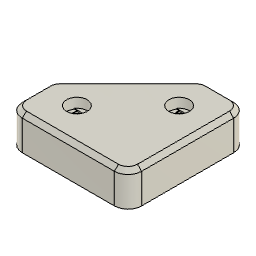
Bottom Corner Bracket - 3mm Foam Tape (Autodesk Fusion 360 design; units mm, degrees)
Autodesk Fusion 360 part; units mm, degrees
sketch "Sketch1" plane through (0, 0, 0) normal (0, 0, 1) x (1, 0, 0)
  line L0 (17.5, 17.5) -> (-17.5, 17.5)
  line L1 (-17.5, 17.5) -> (-17.5, -17.5)
  line L2 (-17.5, -17.5) -> (17.5, -17.5)
  line L3 (17.5, -17.5) -> (17.5, 17.5)
  line L4 (17.5, 17.5) -> (-17.5, -17.5) construction
  line L5 (-17.5, 17.5) -> (17.5, -17.5) construction
  line L6 (4.7, -4.7) -> (4.7, 17.5)
  line L7 (4.7, -4.7) -> (-17.5, -4.7)
  circle A0 centre (-7.5, -7.5) radius 1.7
  circle A1 centre (7.5, 7.5) radius 1.7
  line L8 (-7.5, -7.5) -> (7.5, -7.5) construction
  line L9 (7.5, -7.5) -> (7.5, 7.5) construction
  circle A2 centre (4.7, -4.7) radius 1
  dimension "d1" = 35
  dimension "d2" = 12.8
  dimension "d3" = 10
  dimension "d4" = 15
  dimension "d5" = 3.4
  dimension "d6" = 2
  constraint horizontal L0
  constraint perpendicular L0 L1
  constraint parallel L0 L2
  constraint parallel L1 L3
  constraint coincident L4 origin
  constraint coincident L5 origin
  constraint equal L1 L2
  constraint coincident L0 L6.end
  constraint perpendicular L0 L6
  constraint perpendicular L6 L7
  constraint coincident L1 L7.end
  constraint equal L6 L7
  constraint coincident A0.centre L8.start
  constraint perpendicular L3 L8
  constraint coincident L5 L8.end
  constraint perpendicular L8 L9
  constraint equal L8 L9
  constraint coincident A1.centre L9.end
  constraint equal A0 A1
  constraint coincident L6.start L7.start
  measures "d1" distance of L0.start L0.end
  measures "d2" distance of L1.end L7.end
  measures "d3" distance of L2 A0.centre
  measures "d4" distance of A0.centre L8.end
  measures "d5" diameter of A1
  measures "d6" diameter of A2
extrude "Extrude1" add sketch "Sketch1" along normal blind 6 contours L0 L1 L2 L3 L6 L7 A2
sketch "Sketch2" plane through (0, 0, 6) normal (0, 0, 1) x (-1, 0, 0)
  circle A0 centre (-7.5, -7.5) radius 1.7
  circle A1 centre (7.5, 7.5) radius 1.7
  line L0 (17.5, 4.7) -> (17.5, 17.5)
  line L1 (17.5, 17.5) -> (-17.5, 17.5)
  line L2 (-17.5, 17.5) -> (-17.5, -17.5)
  line L3 (-17.5, -17.5) -> (-4.7, -17.5)
  line L4 (-4.7, -17.5) -> (-4.7, 3.7)
  arc A2 (-3.7, 4.7) -> (-4.7, 3.7) centre (-4.7, 4.7) ccw
  line L5 (-3.7, 4.7) -> (17.5, 4.7)
  line L6 (-4.7, -17.5) -> (17.5, 4.7)
  constraint coincident L3.end L4.start
  constraint coincident L0.start L5.end
extrude "Extrude2" add sketch "Sketch2" along normal blind 4
ref_plane "WorkPlane1" through (17.5, -17.5, 5) normal (0.707107, 0.707107, 0) x (0, 0, 1)
sketch "Sketch5" plane through (17.5, -17.5, 5) normal (0.707107, 0.707107, 0) x (0, 0, 1)
  line L0 (1, -18.809) -> (1, -33.7997)
  line L1 (1, -33.7997) -> (1, -18.809)
  line L2 (1, -17.1019) -> (1, -18.809)
  line L3 (1, -33.7997) -> (2.8, -33.7997)
  line L4 (2.8, -33.7997) -> (1, -26.7997)
  dimension "d19" = 1.8
  dimension "d20" = 7
  constraint coincident L0.end L1.start
  constraint perpendicular L0 L3
  constraint coincident L0 L4.end
  measures "d19" distance of L0.end L3.end
  measures "d20" distance of L0.end L4.end
extrude "Extrude3" cut sketch "Sketch5" along normal up to surface and the other way up to surface end surface through (4.7, -3.7, 0) normal (-1, 0, 0) offset 0 second end surface through (3.7, -4.7, 0) normal (0, 1, 0) offset 0
sketch "Sketch3" plane through (0, 0, 0) normal (0, 0, -1) x (1, 0, 0)
  circle A0 centre (7.5, -7.5) radius 1.7
  circle A1 centre (-7.5, 7.5) radius 1.7
  line L0 (-17.5, 17.5) -> (-17.5, 4.7)
  line L1 (-17.5, 4.7) -> (3.7, 4.7)
  arc A2 (4.7, 3.7) -> (3.7, 4.7) centre (4.7, 4.7) ccw
  line L2 (4.7, 3.7) -> (4.7, -17.5)
  line L3 (4.7, -17.5) -> (17.5, -17.5)
  line L4 (17.5, -17.5) -> (17.5, 17.5)
  line L5 (17.5, 17.5) -> (-17.5, 17.5)
  arc A3 (17.5, 17.1) -> (17.1, 17.5) centre (17.1, 17.1) ccw
  dimension "d11" = 0.4
  constraint tangent L5 A3
  constraint coincident L5 A3.end
  constraint coincident L4 A3.start
  constraint tangent L4 A3
  measures "d11" radius of A3
sketch "Sketch4" plane through (0, 0, 10) normal (0, 0, 1) x (-1, 0, 0)
  circle A0 centre (7.5, 7.5) radius 1.7
  circle A1 centre (-7.5, -7.5) radius 1.7
  line L0 (-4.7, -17.5) -> (17.5, 4.7)
  line L1 (17.5, 4.7) -> (17.5, 17.5)
  line L2 (17.5, 17.5) -> (-17.5, 17.5)
  line L3 (-17.5, 17.5) -> (-17.5, -17.5)
  line L4 (-17.5, -17.5) -> (-4.7, -17.5)
  arc A2 (-12.1, 17.5) -> (-17.5, 12.1) centre (-12.1, 12.1) ccw
  dimension "d12" = 5.4
  constraint tangent L3 A2
  constraint coincident L3 A2.end
  constraint coincident L2 A2.start
  constraint tangent L2 A2
  measures "d12" radius of A2
fillet "Fillet2" radius 1.6 4 edges at (4.7, 17.5, 3) (4.7, -3.7, 3) (3.7, -4.7, 3) (-17.5, -4.7, 3)
fillet "Fillet1" radius 4 4 edges at (-17.5, -17.5, 5) (17.5, 17.5, 5) (-17.5, -4.7, 8.9) (4.7, 17.5, 8.9)
fillet "Fillet1" radius 4 1 edges at (17.5, -17.5, 5)
chamfer "Chamfer1" distance 1.2 angle 45 10 edges at (-6.4, 6.4, 10) (-17.1955, -4.8261, 10) (-17.5, -9.9284, 10) (-16.3284, -16.3284, 10) (0, -17.5, 10) (16.3284, -16.3284, 10) (17.5, 0, 10) (16.3284, 16.3284, 10) (9.9284, 17.5, 10) (4.8261, 17.1955, 10)
sketch "Sketch6" plane through (0, 0, 10) normal (0, 0, 1) x (-1, 0, 0)
  circle A0 centre (7.5, 7.5) radius 1.7
  circle A1 centre (-7.5, -7.5) radius 1.7
  line L0 (-16.3, 13.5) -> (-16.3, -13.5)
  arc A2 (-16.3, -13.5) -> (-13.5, -16.3) centre (-13.5, -13.5) ccw
  line L1 (-13.5, -16.3) -> (-6.3569, -16.3)
  arc A3 (-6.3569, -16.3) -> (-4.377, -15.4799) centre (-6.3569, -13.5) ccw
  line L2 (-4.377, -15.4799) -> (15.4799, 4.377)
  arc A4 (15.4799, 4.377) -> (16.3, 6.3569) centre (13.5, 6.3569) ccw
  line L3 (16.3, 6.3569) -> (16.3, 13.5)
  arc A5 (16.3, 13.5) -> (13.5, 16.3) centre (13.5, 13.5) ccw
  line L4 (13.5, 16.3) -> (-13.5, 16.3)
  circle A6 centre (7.5, 7.5) radius 3
  circle A7 centre (-7.5, -7.5) radius 3
  arc A8 (-13.5, 16.3) -> (-16.3, 13.5) centre (-13.5, 13.5) ccw
  dimension "d25" = 6
  constraint concentric A0 A6
  constraint concentric A1 A7
  constraint equal A6 A7
  measures "d25" diameter of A6
extrude "Extrude4" cut sketch "Sketch6" against normal up to surface (3 mm away) contours A6 | A7
shell "Shell1" thickness 2.6 removed faces 1 at (-2.2167, -14.6574, 0)
extrude "Extrude5" add 2 faces at (7.7827, 12.6469, 4.4) (-2.3531, -7.7827, 4.4) along direction (0, 0, -1) up to surface end surface through (0, 0, 0) normal (0, 0, -1) offset 0
sketch "Sketch7" plane through (0, 0, 7) normal (0, 0, 1) x (-1, 0, 0)
  circle A0 centre (7.5, 7.5) radius 1.7
  circle A1 centre (7.5, 7.5) radius 3
  circle A2 centre (-7.5, -7.5) radius 1.7
  circle A3 centre (-7.5, -7.5) radius 3
  line L0 (-9.9718, -5.8) -> (-5.0282, -5.8)
  line L1 (-9.9718, -9.2) -> (-5.0282, -9.2)
  line L2 (5.0282, 5.8) -> (9.9718, 5.8)
  line L3 (5.0282, 9.2) -> (9.9718, 9.2)
  constraint coincident A3 L0.start
  constraint coincident A3 L0.end
  constraint horizontal L0
  constraint coincident A3 L1.end
  constraint parallel L0 L1
  constraint coincident A1 L2.start
  constraint coincident A1 L2.end
  constraint parallel L1 L2
  constraint coincident A1 L3.start
  constraint coincident A1 L3.end
  constraint parallel L2 L3
  constraint tangent A0 L2
  constraint tangent A0 L3
  constraint tangent A2 L0
  constraint tangent A2 L1
  constraint coincident A3 L1.start
extrude "Extrude6" add sketch "Sketch7" along normal blind 0.2 contours A1 L3 | A1 L2 | A3 L0 | A3 L1
sketch "Sketch8" plane through (0, 0, 7) normal (0, 0, 1) x (-1, 0, 0)
  line L0 (-7.5, -5.8) -> (-9.9718, -5.8)
  arc A0 (-9.9718, -5.8) -> (-9.9718, -9.2) centre (-7.5, -7.5) ccw
  line L1 (-9.9718, -9.2) -> (-7.5, -9.2)
  arc A1 (-7.5, -5.8) -> (-7.5, -9.2) centre (-7.5, -7.5) ccw
  line L2 (-5.0282, -5.8) -> (-7.5, -5.8)
  arc A2 (-7.5, -9.2) -> (-7.5, -5.8) centre (-7.5, -7.5) ccw
  line L3 (-7.5, -9.2) -> (-5.0282, -9.2)
  arc A3 (-5.0282, -9.2) -> (-5.0282, -5.8) centre (-7.5, -7.5) ccw
  line L4 (7.5, 9.2) -> (5.0282, 9.2)
  arc A4 (5.0282, 9.2) -> (5.0282, 5.8) centre (7.5, 7.5) ccw
  line L5 (5.0282, 5.8) -> (7.5, 5.8)
  arc A5 (7.5, 9.2) -> (7.5, 5.8) centre (7.5, 7.5) ccw
  line L6 (9.9718, 9.2) -> (7.5, 9.2)
  arc A6 (7.5, 5.8) -> (7.5, 9.2) centre (7.5, 7.5) ccw
  line L7 (7.5, 5.8) -> (9.9718, 5.8)
  arc A7 (9.9718, 5.8) -> (9.9718, 9.2) centre (7.5, 7.5) ccw
  line L8 (-9.2, -5.8) -> (-9.2, -9.2)
  line L9 (-5.8, -5.8) -> (-5.8, -9.2)
  line L10 (9.2, 9.2) -> (9.2, 5.8)
  line L11 (5.8, 9.2) -> (5.8, 5.8)
  constraint coincident L0 L8.start
  constraint coincident L1 L8.end
  constraint perpendicular L1 L8
  constraint coincident L2 L9.start
  constraint coincident L3 L9.end
  constraint perpendicular L3 L9
  constraint coincident L6 L10.start
  constraint coincident L7 L10.end
  constraint perpendicular L7 L10
  constraint coincident L4 L11.start
  constraint coincident L5 L11.end
  constraint perpendicular L5 L11
  constraint tangent A5 L11
  constraint tangent A6 L10
  constraint tangent A2 L9
  constraint tangent A1 L8
extrude "Extrude7" cut sketch "Sketch8" against normal blind 0.2 contours L0 A1 L8 | L2 A2 L9 | L1 A1 L8 | A2 L3 L9 | L4 A5 L11 | L6 A6 L10 | L5 A5 L11 | A6 L7 L10
sketch "Sketch9" plane through (0, 0, 0) normal (0, 0, -1) x (1, 0, 0)
  line L0 (-13.5, 14.9) -> (13.5, 14.9)
  line L1 (14.9, 13.5) -> (14.9, -13.5)
  arc A0 (13.5, -14.9) -> (14.9, -13.5) centre (13.5, -13.5) ccw
  line L2 (13.5, -14.9) -> (7.3, -14.9)
  line L3 (7.3, -14.9) -> (7.3, -13.0964)
  arc A1 (7.3, -13.0964) -> (7.3, -1.9036) centre (7.5, -7.5) ccw
  line L4 (7.3, -1.9036) -> (7.3, 2.21)
  arc A2 (7.3, 2.21) -> (2.21, 7.3) centre (4.7, 4.7) ccw
  line L5 (2.21, 7.3) -> (-1.9036, 7.3)
  arc A3 (-1.9036, 7.3) -> (-13.0964, 7.3) centre (-7.5, 7.5) ccw
  line L6 (-13.0964, 7.3) -> (-14.9, 7.3)
  line L7 (-14.9, 7.3) -> (-14.9, 13.5)
  arc A4 (-13.5, 14.9) -> (-14.9, 13.5) centre (-13.5, 13.5) ccw
  circle A5 centre (-7.5, 7.5) radius 1.7
  circle A6 centre (7.5, -7.5) radius 1.7
  arc A7 (13.5, -17.5) -> (17.5, -13.5) centre (13.5, -13.5) ccw
  line L8 (17.5, -13.5) -> (17.5, 13.5)
  line L9 (13.5, 17.5) -> (-13.5, 17.5)
  arc A8 (-13.5, 17.5) -> (-17.5, 13.5) centre (-13.5, 13.5) ccw
  line L10 (-17.5, 13.5) -> (-17.5, 6.3569)
  arc A9 (-17.497, 6.2022) -> (-15.9, 4.7) centre (-15.9, 6.3) ccw
  line L11 (-15.9, 4.7) -> (2.6506, 4.7)
  arc A10 (2.6506, 4.7) -> (3.9118, 5.3154) centre (2.6506, 6.3) ccw
  arc A11 (5.3154, 3.9118) -> (3.9118, 5.3154) centre (4.7, 4.7) ccw
  arc A12 (5.3154, 3.9118) -> (4.7, 2.6506) centre (6.3, 2.6506) ccw
  line L12 (4.7, 2.6506) -> (4.7, -15.9)
  arc A13 (4.7, -15.9) -> (6.2022, -17.497) centre (6.3, -15.9) ccw
  line L13 (6.3569, -17.5) -> (13.5, -17.5)
  line L14 (4.7, -11.5) -> (10.1, -11.5)
  line L15 (10.1, -11.5) -> (10.1, -17.5)
  line L16 (-11.5, 4.7) -> (-11.5, 10.1)
  line L17 (-11.5, 10.1) -> (-17.5, 10.1)
  arc A14 (14.9, 13.5) -> (13.5, 14.9) centre (13.5, 13.5) ccw
  arc A15 (17.5, 13.5) -> (13.5, 17.5) centre (13.5, 13.5) ccw
  arc A16 (-17.5, 6.3569) -> (-17.497, 6.2022) centre (-13.5, 6.3569) ccw
  arc A17 (6.2022, -17.497) -> (6.3569, -17.5) centre (6.3569, -13.5) ccw
  dimension "d35" = 5.4
  dimension "d36" = 6
  constraint coincident L12 L14.start
  constraint perpendicular L12 L14
  constraint coincident L13 L15.end
  constraint perpendicular L13 L15
  constraint coincident L11 L16.start
  constraint perpendicular L5 L16
  constraint coincident L10 L17.end
  constraint perpendicular L10 L17
  constraint equal L14 L16
  constraint equal L15 L17
  measures "d35" distance of L14.start L14.end
  measures "d36" distance of L14.end L15.end
extrude "Extrude8" add sketch "Sketch9" along normal blind 1.4 contours A3 L6 L7 L17 | A3 L6 L7 L10 A9 L11 L16 L17 A16 | L2 L3 A1 L12 A13 L13 L14 L15 A17 | L2 L3 A1 L15
fillet "Fillet3" radius 1 6 edges at (-17.5, -10.1, -0.7) (-11.5, -10.1, -0.7) (4.7, 11.5, -0.7) (10.1, 11.5, -0.7) (10.1, 17.5, -0.7) (-11.5, -4.7, -0.7)

Work to be completed -
The response must match the data line for line, from its first line through the line with "line L4 (17.5, 17.5)", inclusive, and must leave out the pictures.

Response -
Bottom Corner Bracket - 3mm Foam Tape (Autodesk Fusion 360 design; units mm, degrees)
Autodesk Fusion 360 part; units mm, degrees
sketch "Sketch1" plane through (0, 0, 0) normal (0, 0, 1) x (1, 0, 0)
  line L0 (17.5, 17.5) -> (-17.5, 17.5)
  line L1 (-17.5, 17.5) -> (-17.5, -17.5)
  line L2 (-17.5, -17.5) -> (17.5, -17.5)
  line L3 (17.5, -17.5) -> (17.5, 17.5)
  line L4 (17.5, 17.5) -> (-17.5, -17.5) construction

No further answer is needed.